**Task brief**
Once you have located the line containing "spline S17 degree" in the material below, return it exactly along with each line after it through the line containing "spline S30 degree".

**Data for this exercise**
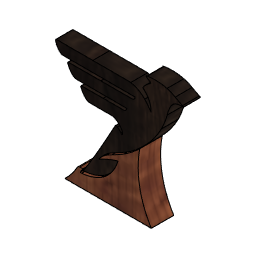
BlackSwiftDeskLogo v10 (Autodesk Fusion 360 design; units mm, degrees)
Autodesk Fusion 360 part; units mm, degrees
sketch "Sketch1" plane through (0, 0, 0) normal (0, 1, 0) x (1, 0, 0)
  spline S0 degree 3 poles (28.812599, -0.914385) (28.812599, -1.007661) (29.30972, -1.834065) (29.917311, -2.750838) knots 0 0 0 0 1 1 1 1
  spline S1 degree 3 poles (29.917311, -2.750838) (36.944588, -13.354057) (46.936102, -30.456433) (58.618766, -51.878822) knots 0 0 0 0 1 1 1 1
  spline S2 degree 3 poles (58.618766, -51.878822) (60.219164, -54.813461) (61.65408, -57.379058) (61.807463, -57.580155) knots 0 0 0 0 1 1 1 1
  spline S3 degree 3 poles (61.807463, -57.580155) (62.243331, -58.151604) (62.6887, -58.094845) (63.845395, -57.320437) knots 0 0 0 0 1 1 1 1
  spline S4 degree 3 poles (63.845395, -57.320437) (64.951702, -56.579755) (66.160509, -55.405523) (67.347976, -53.918028) knots 0 0 0 0 1 1 1 1
  spline S5 degree 3 poles (67.347976, -53.918028) (68.302152, -52.722769) (68.569408, -52.552013) (68.881908, -52.937928) knots 0 0 0 0 1 1 1 1
  spline S6 degree 3 poles (68.881908, -52.937928) (69.341546, -53.505563) (69.008645, -55.565192) (68.194272, -57.192261) knots 0 0 0 0 1 1 1 1
  spline S7 degree 3 poles (68.194272, -57.192261) (67.571278, -58.436976) (66.865745, -59.388616) (65.693126, -60.565893) knots 0 0 0 0 1 1 1 1
  spline S8 degree 3 poles (65.693126, -60.565893) (63.643539, -62.623611) (61.536026, -63.942213) (59.43194, -64.483299) knots 0 0 0 0 1 1 1 1
  spline S9 degree 3 poles (59.43194, -64.483299) (58.739509, -64.661363) (57.820927, -64.673156) (47.446235, -64.637132) knots 0 0 0 0 1 1 1 1
  spline S10 degree 3 poles (47.446235, -64.637132) (36.109744, -64.597772) (34.64539, -64.636087) (33.594249, -64.998073) knots 0 0 0 0 1 1 1 1
  spline S11 degree 3 poles (33.594249, -64.998073) (32.71821, -65.299894) (31.855594, -65.916002) (30.696252, -67.067923) knots 0 0 0 0 1 1 1 1
  spline S12 degree 3 poles (30.696252, -67.067923) (29.044949, -68.708652) (27.40767, -71.223347) (26.483234, -73.538694) knots 0 0 0 0 1 1 1 1
  spline S13 degree 3 poles (26.483234, -73.538694) (26.080684, -74.546929) (26.054861, -74.963611) (26.376872, -75.25504) knots 0 0 0 0 1 1 1 1
  spline S14 degree 3 poles (26.376872, -75.25504) (26.605076, -75.461575) (27.181933, -75.468375) (49.063672, -75.522586) knots 0 0 0 0 1 1 1 1
  line L0 (49.063672, -75.522586) -> (71.516311, -75.57821)
  line L1 (71.516311, -75.57821) -> (71.87243, -75.911946)
  spline S15 degree 3 poles (71.87243, -75.911946) (72.373465, -76.381488) (73.310826, -77.836591) (73.310826, -78.144823) knots 0 0 0 0 1 1 1 1
  spline S16 degree 3 poles (73.310826, -78.144823) (73.310826, -78.286466) (73.199567, -78.480283) (73.063583, -78.57553) knots 0 0 0 0 1 1 1 1
  spline S17 degree 3 poles (73.063583, -78.57553) (72.841591, -78.731021) (70.208488, -78.749104) (47.282424, -78.752587) knots 0 0 0 0 1 1 1 1
  spline S18 degree 3 poles (47.282424, -78.752587) (25.94621, -78.755716) (21.60542, -78.781964) (20.878127, -78.911613) knots 0 0 0 0 1 1 1 1
  spline S19 degree 3 poles (20.878127, -78.911613) (18.537316, -79.328857) (16.127566, -81.699245) (14.031978, -85.645935) knots 0 0 0 0 1 1 1 1
  spline S20 degree 3 poles (14.031978, -85.645935) (12.729457, -88.099011) (12.388433, -89.429148) (12.986959, -89.721938) knots 0 0 0 0 1 1 1 1
  spline S21 degree 3 poles (12.986959, -89.721938) (13.094562, -89.774576) (28.25081, -89.842673) (46.667514, -89.873265) knots 0 0 0 0 1 1 1 1
  spline S22 degree 3 poles (46.667514, -89.873265) (73.988945, -89.918649) (80.199445, -89.955709) (80.407863, -90.074607) knots 0 0 0 0 1 1 1 1
  spline S23 degree 3 poles (80.407863, -90.074607) (80.695616, -90.238763) (81.565868, -91.378616) (81.893942, -92.021069) knots 0 0 0 0 1 1 1 1
  spline S24 degree 3 poles (81.893942, -92.021069) (82.160264, -92.542607) (82.084297, -92.821555) (81.633093, -92.978844) knots 0 0 0 0 1 1 1 1
  spline S25 degree 3 poles (81.633093, -92.978844) (81.387485, -93.064463) (70.631073, -93.099389) (44.504993, -93.099389) knots 0 0 0 0 1 1 1 1
  spline S26 degree 3 poles (44.504993, -93.099389) (3.876362, -93.099389) (7.079301, -93.041478) (5.789219, -93.799384) knots 0 0 0 0 1 1 1 1
  spline S27 degree 3 poles (5.789219, -93.799384) (4.940553, -94.297963) (3.299284, -95.96935) (2.48931, -97.15985) knots 0 0 0 0 1 1 1 1
  spline S28 degree 3 poles (2.48931, -97.15985) (1.193036, -99.065112) (0.103075, -101.631647) (0.094025, -102.800034) knots 0 0 0 0 1 1 1 1
  spline S29 degree 3 poles (0.094025, -102.800034) (0.090443, -103.262371) (0.141743, -103.415042) (0.381101, -103.654396) knots 0 0 0 0 1 1 1 1
  line L2 (0.381101, -103.654396) -> (0.672538, -103.94583)
  line L3 (0.672538, -103.94583) -> (38.465688, -103.94583)
  spline S30 degree 3 poles (38.465688, -103.94583) (74.521314, -103.94583) (76.315092, -103.936495) (77.482534, -103.742926) knots 0 0 0 0 1 1 1 1
  spline S31 degree 3 poles (77.482534, -103.742926) (83.17461, -102.799111) (87.481522, -100.516999) (91.89345, -96.106981) knots 0 0 0 0 1 1 1 1
  spline S32 degree 3 poles (91.89345, -96.106981) (94.083858, -93.917523) (95.823661, -91.737445) (97.489688, -89.094547) knots 0 0 0 0 1 1 1 1
  line L4 (97.489688, -89.094547) -> (98.366273, -87.703977)
  line L5 (98.366273, -87.703977) -> (98.305674, -89.650774)
  spline S33 degree 3 poles (98.305674, -89.650774) (98.239918, -91.763348) (98.039913, -92.960782) (97.43434, -94.867524) knots 0 0 0 0 1 1 1 1
  spline S34 degree 3 poles (97.43434, -94.867524) (97.05087, -96.074941) (96.056162, -98.221095) (95.340677, -99.384761) knots 0 0 0 0 1 1 1 1
  spline S35 degree 3 poles (95.340677, -99.384761) (94.230244, -101.190765) (92.524316, -103.150251) (90.91543, -104.467741) knots 0 0 0 0 1 1 1 1
  spline S36 degree 3 poles (90.91543, -104.467741) (90.275302, -104.991935) (90.108897, -105.190363) (90.108897, -105.429509) knots 0 0 0 0 1 1 1 1
  spline S37 degree 3 poles (90.108897, -105.429509) (90.108897, -106.16981) (91.997399, -108.567541) (93.735112, -110.033524) knots 0 0 0 0 1 1 1 1
  spline S38 degree 3 poles (93.735112, -110.033524) (94.222711, -110.444874) (95.270794, -111.221163) (96.064182, -111.758612) knots 0 0 0 0 1 1 1 1
  spline S39 degree 3 poles (96.064182, -111.758612) (97.206454, -112.532395) (97.551062, -112.826473) (97.71977, -113.171449) knots 0 0 0 0 1 1 1 1
  spline S40 degree 3 poles (97.71977, -113.171449) (97.929662, -113.600668) (97.929662, -113.612985) (97.71977, -114.005009) knots 0 0 0 0 1 1 1 1
  spline S41 degree 3 poles (97.71977, -114.005009) (97.54598, -114.329584) (97.285577, -114.515665) (96.306698, -115.014762) knots 0 0 0 0 1 1 1 1
  spline S42 degree 3 poles (96.306698, -115.014762) (95.039089, -115.661068) (94.193281, -116.31074) (93.658715, -117.048689) knots 0 0 0 0 1 1 1 1
  spline S43 degree 3 poles (93.658715, -117.048689) (93.117943, -117.795204) (93.162979, -117.844139) (94.586522, -118.05692) knots 0 0 0 0 1 1 1 1
  spline S44 degree 3 poles (94.586522, -118.05692) (101.519329, -119.09318) (108.735231, -118.782906) (114.86716, -117.184877) knots 0 0 0 0 1 1 1 1
  spline S45 degree 3 poles (114.86716, -117.184877) (117.554906, -116.484431) (119.695907, -115.590846) (123.298495, -113.665903) knots 0 0 0 0 1 1 1 1
  spline S46 degree 3 poles (123.298495, -113.665903) (127.961824, -111.174193) (129.500391, -110.372518) (130.744363, -109.78622) knots 0 0 0 0 1 1 1 1
  spline S47 degree 3 poles (130.744363, -109.78622) (131.458373, -109.449702) (132.043895, -109.144521) (132.045518, -109.10804) knots 0 0 0 0 1 1 1 1
  spline S48 degree 3 poles (132.045518, -109.10804) (132.047258, -109.071559) (131.287841, -109.007388) (130.358188, -108.965437) knots 0 0 0 0 1 1 1 1
  spline S49 degree 3 poles (130.358188, -108.965437) (124.388559, -108.696058) (121.480194, -107.39743) (119.240974, -104.001451) knots 0 0 0 0 1 1 1 1
  spline S50 degree 3 poles (119.240974, -104.001451) (117.657667, -101.600224) (116.596502, -98.956061) (115.040811, -93.535774) knots 0 0 0 0 1 1 1 1
  spline S51 degree 3 poles (115.040811, -93.535774) (113.32995, -87.574855) (111.543148, -83.000167) (109.026252, -78.136858) knots 0 0 0 0 1 1 1 1
  spline S52 degree 3 poles (109.026252, -78.136858) (104.535546, -69.459641) (98.796243, -61.728751) (91.22576, -54.159483) knots 0 0 0 0 1 1 1 1
  spline S53 degree 3 poles (91.22576, -54.159483) (85.617623, -48.552238) (79.732979, -43.799887) (73.340409, -39.715556) knots 0 0 0 0 1 1 1 1
  spline S54 degree 3 poles (73.340409, -39.715556) (70.30336, -37.775133) (67.906625, -36.437854) (60.851314, -32.747182) knots 0 0 0 0 1 1 1 1
  spline S55 degree 3 poles (60.851314, -32.747182) (57.635155, -31.064785) (56.324494, -30.311792) (54.677187, -29.200059) knots 0 0 0 0 1 1 1 1
  spline S56 degree 3 poles (54.677187, -29.200059) (51.971909, -27.37431) (49.870008, -25.48514) (48.476813, -23.627214) knots 0 0 0 0 1 1 1 1
  spline S57 degree 3 poles (48.476813, -23.627214) (47.732466, -22.634575) (47.07678, -21.511506) (47.180841, -21.40744) knots 0 0 0 0 1 1 1 1
  spline S58 degree 3 poles (47.180841, -21.40744) (47.215665, -21.37261) (47.690109, -21.60197) (48.235162, -21.917117) knots 0 0 0 0 1 1 1 1
  spline S59 degree 3 poles (48.235162, -21.917117) (52.504268, -24.385507) (58.551397, -27.044152) (64.046471, -28.868649) knots 0 0 0 0 1 1 1 1
  spline S60 degree 3 poles (64.046471, -28.868649) (66.31813, -29.622889) (66.858579, -29.77155) (66.858579, -29.642166) knots 0 0 0 0 1 1 1 1
  spline S61 degree 3 poles (66.858579, -29.642166) (66.858579, -29.459655) (65.725346, -26.393405) (65.272588, -25.350849) knots 0 0 0 0 1 1 1 1
  spline S62 degree 3 poles (65.272588, -25.350849) (63.047403, -20.227007) (60.46569, -16.387494) (56.741138, -12.662942) knots 0 0 0 0 1 1 1 1
  spline S63 degree 3 poles (56.741138, -12.662942) (54.272096, -10.193894) (52.293622, -8.639115) (49.369116, -6.869617) knots 0 0 0 0 1 1 1 1
  spline S64 degree 3 poles (49.369116, -6.869617) (43.741178, -3.464391) (36.717991, -1.281855) (29.897239, -0.818488) knots 0 0 0 0 1 1 1 1
  spline S65 degree 3 poles (29.897239, -0.818488) (28.967337, -0.75531) (28.812594, -0.768996) (28.812599, -0.914385) knots 0 0 0 0 1 1 1 1
extrude "Extrude1" add sketch "Sketch1" along normal blind 17.31645 makes body 1
sketch "Sketch2" plane through (0, 17.31645, 0) normal (0, 1, 0) x (-1, 0, 0)
  spline S0 degree 3 poles (-29.897239, 0.818488) (-28.967337, 0.75531) (-28.812594, 0.768996) (-28.812599, 0.914385) knots 0 0 0 0 1 1 1 1
  spline S1 degree 3 poles (-28.812599, 0.914385) (-28.812599, 1.007661) (-29.30972, 1.834065) (-29.917311, 2.750838) knots 0 0 0 0 1 1 1 1
  spline S2 degree 3 poles (-29.917311, 2.750838) (-36.944588, 13.354057) (-46.936102, 30.456433) (-58.618766, 51.878822) knots 0 0 0 0 1 1 1 1
  spline S3 degree 3 poles (-58.618766, 51.878822) (-60.219164, 54.813461) (-61.65408, 57.379058) (-61.807463, 57.580155) knots 0 0 0 0 1 1 1 1
  spline S4 degree 3 poles (-61.807463, 57.580155) (-62.243331, 58.151604) (-62.6887, 58.094845) (-63.845395, 57.320437) knots 0 0 0 0 1 1 1 1
  spline S5 degree 3 poles (-63.845395, 57.320437) (-64.951702, 56.579755) (-66.160509, 55.405523) (-67.347976, 53.918028) knots 0 0 0 0 1 1 1 1
  spline S6 degree 3 poles (-67.347976, 53.918028) (-68.302152, 52.722769) (-68.569408, 52.552013) (-68.881908, 52.937928) knots 0 0 0 0 1 1 1 1
  spline S7 degree 3 poles (-68.881908, 52.937928) (-69.341546, 53.505563) (-69.008645, 55.565192) (-68.194272, 57.192261) knots 0 0 0 0 1 1 1 1
  spline S8 degree 3 poles (-68.194272, 57.192261) (-67.571278, 58.436976) (-66.865745, 59.388616) (-65.693126, 60.565893) knots 0 0 0 0 1 1 1 1
  spline S9 degree 3 poles (-65.693126, 60.565893) (-63.643539, 62.623611) (-61.536026, 63.942213) (-59.43194, 64.483299) knots 0 0 0 0 1 1 1 1
  spline S10 degree 3 poles (-59.43194, 64.483299) (-58.739509, 64.661363) (-57.820927, 64.673156) (-47.446235, 64.637132) knots 0 0 0 0 1 1 1 1
  spline S11 degree 3 poles (-47.446235, 64.637132) (-36.109744, 64.597772) (-34.64539, 64.636087) (-33.594249, 64.998073) knots 0 0 0 0 1 1 1 1
  spline S12 degree 3 poles (-33.594249, 64.998073) (-32.71821, 65.299894) (-31.855594, 65.916002) (-30.696252, 67.067923) knots 0 0 0 0 1 1 1 1
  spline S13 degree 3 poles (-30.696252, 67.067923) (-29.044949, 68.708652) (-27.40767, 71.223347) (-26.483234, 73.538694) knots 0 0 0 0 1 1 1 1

**Expected answer**
  spline S17 degree 3 poles (73.063583, -78.57553) (72.841591, -78.731021) (70.208488, -78.749104) (47.282424, -78.752587) knots 0 0 0 0 1 1 1 1
  spline S18 degree 3 poles (47.282424, -78.752587) (25.94621, -78.755716) (21.60542, -78.781964) (20.878127, -78.911613) knots 0 0 0 0 1 1 1 1
  spline S19 degree 3 poles (20.878127, -78.911613) (18.537316, -79.328857) (16.127566, -81.699245) (14.031978, -85.645935) knots 0 0 0 0 1 1 1 1
  spline S20 degree 3 poles (14.031978, -85.645935) (12.729457, -88.099011) (12.388433, -89.429148) (12.986959, -89.721938) knots 0 0 0 0 1 1 1 1
  spline S21 degree 3 poles (12.986959, -89.721938) (13.094562, -89.774576) (28.25081, -89.842673) (46.667514, -89.873265) knots 0 0 0 0 1 1 1 1
  spline S22 degree 3 poles (46.667514, -89.873265) (73.988945, -89.918649) (80.199445, -89.955709) (80.407863, -90.074607) knots 0 0 0 0 1 1 1 1
  spline S23 degree 3 poles (80.407863, -90.074607) (80.695616, -90.238763) (81.565868, -91.378616) (81.893942, -92.021069) knots 0 0 0 0 1 1 1 1
  spline S24 degree 3 poles (81.893942, -92.021069) (82.160264, -92.542607) (82.084297, -92.821555) (81.633093, -92.978844) knots 0 0 0 0 1 1 1 1
  spline S25 degree 3 poles (81.633093, -92.978844) (81.387485, -93.064463) (70.631073, -93.099389) (44.504993, -93.099389) knots 0 0 0 0 1 1 1 1
  spline S26 degree 3 poles (44.504993, -93.099389) (3.876362, -93.099389) (7.079301, -93.041478) (5.789219, -93.799384) knots 0 0 0 0 1 1 1 1
  spline S27 degree 3 poles (5.789219, -93.799384) (4.940553, -94.297963) (3.299284, -95.96935) (2.48931, -97.15985) knots 0 0 0 0 1 1 1 1
  spline S28 degree 3 poles (2.48931, -97.15985) (1.193036, -99.065112) (0.103075, -101.631647) (0.094025, -102.800034) knots 0 0 0 0 1 1 1 1
  spline S29 degree 3 poles (0.094025, -102.800034) (0.090443, -103.262371) (0.141743, -103.415042) (0.381101, -103.654396) knots 0 0 0 0 1 1 1 1
  line L2 (0.381101, -103.654396) -> (0.672538, -103.94583)
  line L3 (0.672538, -103.94583) -> (38.465688, -103.94583)
  spline S30 degree 3 poles (38.465688, -103.94583) (74.521314, -103.94583) (76.315092, -103.936495) (77.482534, -103.742926) knots 0 0 0 0 1 1 1 1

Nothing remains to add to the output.